Pebble-mound mice are the only mammals to create mounds of small stones around their burrows. The mice carry the pebbles in their mouths in a radius of 3 to 5 m around the nest and move them into location with their forelimbs. Mounds may cover areas of up to 10 m2 and include up to 50 kg of pebbles, concentrated near burrow entrances, above burrows, and against trees. Because resources are sparse, home ranges tend to be relatively large and may be greater than 5 ha.

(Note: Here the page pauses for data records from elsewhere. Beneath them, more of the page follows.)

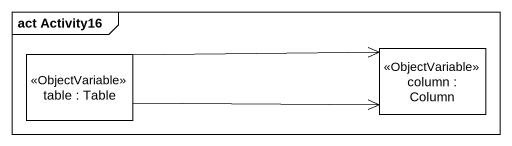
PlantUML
@startuml
mainframe act Activity16
hide empty description
state "column : Column" as column <<ObjectVariable>>
state "table : Table" as table <<ObjectVariable>>
table -right-> column
table -right-> column
@enduml
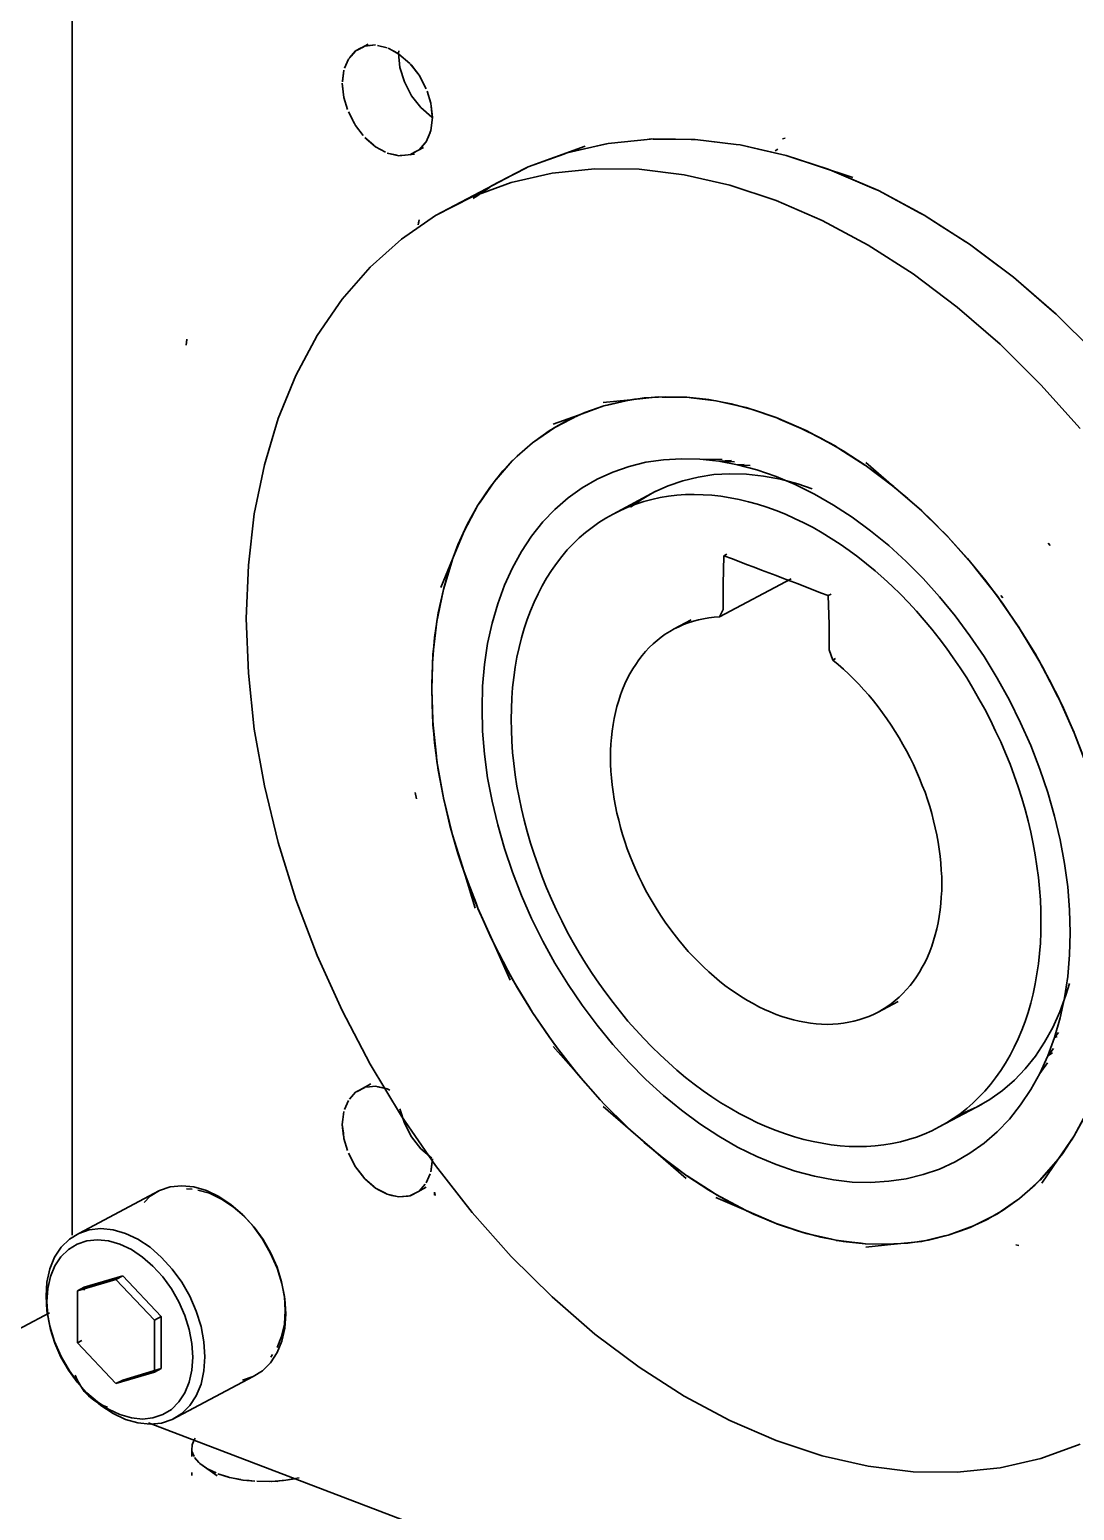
# Model space of a CAD drawing. Header units: millimetres. Extents: x 0 to 420, y 0 to 297.
# Drawn here: x 326.62 to 346.68, y 128.49 to 156.92 of the extents above; entities that cross this region are included whole.
import ezdxf

# ---------------------------------------------------------------- set-up
doc = ezdxf.new("R2010")
doc.units = ezdxf.units.MM
doc.header["$LTSCALE"] = 6
doc.layers.add('VISIVEL', color=7, linetype='Continuous', lineweight=35)

msp = doc.modelspace()

# ---------------------------------------------------------------- linework, layer by layer
at = {"layer": 'VISIVEL'}
for p, q in [((327.439, 159.145), (327.439, 133.775)), ((332.793, 156.415), (332.743, 156.355)), ((332.879, 156.515), (332.766, 156.382)), ((332.876, 156.509), (332.793, 156.415)), ((332.989, 156.572), (332.879, 156.515)), ((333.123, 156.642), (332.909, 156.529)), ((333.059, 156.605), (332.909, 156.529)), ((333.059, 156.605), (332.999, 156.575)), ((333.059, 156.605), (333.266, 156.629)), ((333.266, 156.629), (333.093, 156.609)), ((333.299, 156.619), (333.489, 156.575)), ((333.489, 156.575), (333.303, 156.619)), ((333.509, 156.565), (333.699, 156.465)), ((333.713, 156.455), (333.529, 156.555)), ((333.703, 156.469), (333.709, 156.519)), ((333.733, 156.195), (333.703, 156.469)), ((333.713, 156.455), (333.923, 156.275)), ((333.923, 156.275), (333.749, 156.425)), ((332.629, 155.922), (332.656, 156.145)), ((332.656, 156.145), (332.629, 155.935)), ((332.743, 156.355), (332.669, 156.182)), ((333.819, 155.919), (333.733, 156.195)), ((333.929, 156.265), (334.103, 156.049)), ((334.103, 156.049), (333.953, 156.239)), ((332.656, 155.622), (332.626, 155.895)), ((332.626, 155.895), (332.649, 155.669)), ((333.956, 155.655), (333.819, 155.919)), ((334.103, 156.049), (334.239, 155.785)), ((334.239, 155.785), (334.126, 156.002)), ((332.656, 155.622), (332.726, 155.392)), ((334.136, 155.425), (333.956, 155.655)), ((334.326, 155.509), (334.253, 155.739)), ((332.743, 155.345), (332.826, 155.185)), ((332.743, 155.345), (332.856, 155.125)), ((334.136, 155.425), (334.343, 155.245)), ((334.346, 155.322), (334.326, 155.509)), ((334.356, 155.235), (334.329, 155.462)), ((334.353, 155.269), (334.346, 155.322)), ((332.879, 155.082), (332.839, 155.162)), ((332.879, 155.082), (333.029, 154.892)), ((334.279, 154.872), (334.326, 154.985)), ((334.326, 154.985), (334.356, 155.235)), ((334.326, 154.985), (334.349, 155.192)), ((333.059, 154.852), (333.233, 154.702)), ((333.086, 154.829), (333.266, 154.672)), ((334.103, 154.615), (334.239, 154.772)), ((334.103, 154.615), (334.216, 154.749)), ((334.239, 154.772), (334.313, 154.949)), ((334.239, 154.772), (334.279, 154.872)), ((336.196, 154.289), (337.286, 154.685)), ((337.663, 154.722), (336.946, 154.559)), ((337.733, 154.739), (337.163, 154.609)), ((337.733, 154.739), (337.663, 154.722)), ((337.733, 154.739), (338.606, 154.829)), ((338.479, 154.815), (337.733, 154.739)), ((338.553, 154.825), (338.479, 154.815)), ((339.323, 154.815), (338.553, 154.825)), ((339.026, 154.819), (338.593, 154.822)), ((339.399, 154.812), (339.323, 154.815)), ((340.186, 154.715), (339.399, 154.812)), ((339.873, 154.755), (339.399, 154.812)), ((340.266, 154.709), (340.186, 154.715)), ((340.616, 154.629), (340.266, 154.709)), ((340.266, 154.709), (341.066, 154.525)), ((341.129, 154.839), (341.076, 154.825)), ((333.266, 154.672), (333.453, 154.572)), ((333.489, 154.552), (333.713, 154.502)), ((333.489, 154.552), (333.676, 154.512)), ((333.713, 154.502), (333.889, 154.519)), ((333.736, 154.505), (333.816, 154.512)), ((333.833, 154.515), (334.009, 154.532)), ((333.923, 154.522), (334.073, 154.602)), ((334.009, 154.569), (333.923, 154.522)), ((334.009, 154.569), (334.103, 154.615)), ((334.183, 154.659), (334.073, 154.602)), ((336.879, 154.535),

The function of the mounds may be one of protection against predators. Pebble mounds are at the center of social life at least in the two best-studied species, the western and eastern pebble-mound mice. In western pebble-mound mice, mounds have been found to contain up to 14 individuals, but social groups in eastern pebble-mound mice are smaller. Young animals are raised in the mounds. For unclear reasons, females visit and manipulate different mounds. Females only disperse to adjacent mounds, but males may move longer distances, though they remain in pebbly areas. Male eastern pebble-mound mice may move up to 2 km in a single night.

==Conservation==
The IUCN currently lists three of the four species as "Least Concern" because of their wide distribution and occurrence in protected areas. The population size of the central pebble-mound mouse appears to be stable and while the western and eastern species are declining, their decline is unlikely to be fast enough to qualify for one of the IUCN's other categories. The Kakadu pebble-mound mouse is listed as "Vulnerable" because of its small and declining distribution and because it does not occur in meaningful protected areas.

==Literature cited==
- Aplin, K. (2016). "Pseudomys johnsoni"
- Breed, Bill (2007). "Native Mice and Rats"
- Burnett, S. (2016). "Pseudomys patrius"
- Ford, Fred (2006). "A splitting headache: relationships and generic boundaries among Australian murids: SYSTEMATICS OF AUSTRALIAN MURIDS"
- Ford, Fred (2007). "Eroding abodes and vanished bridges: historical biogeography of the substrate specialist pebble-mound mice ( Pseudomys )"
- Menkhorst, Peter (2001). "A Field Guide to the Mammals of Australia"
- Burbidge, A.A. (2016). "Pseudomys chapmani"
- Musser, G.G. (2005). "Mammal Species of the World: a taxonomic and geographic reference"
- Woinarski, J. (2016). "Pseudomys calabyi"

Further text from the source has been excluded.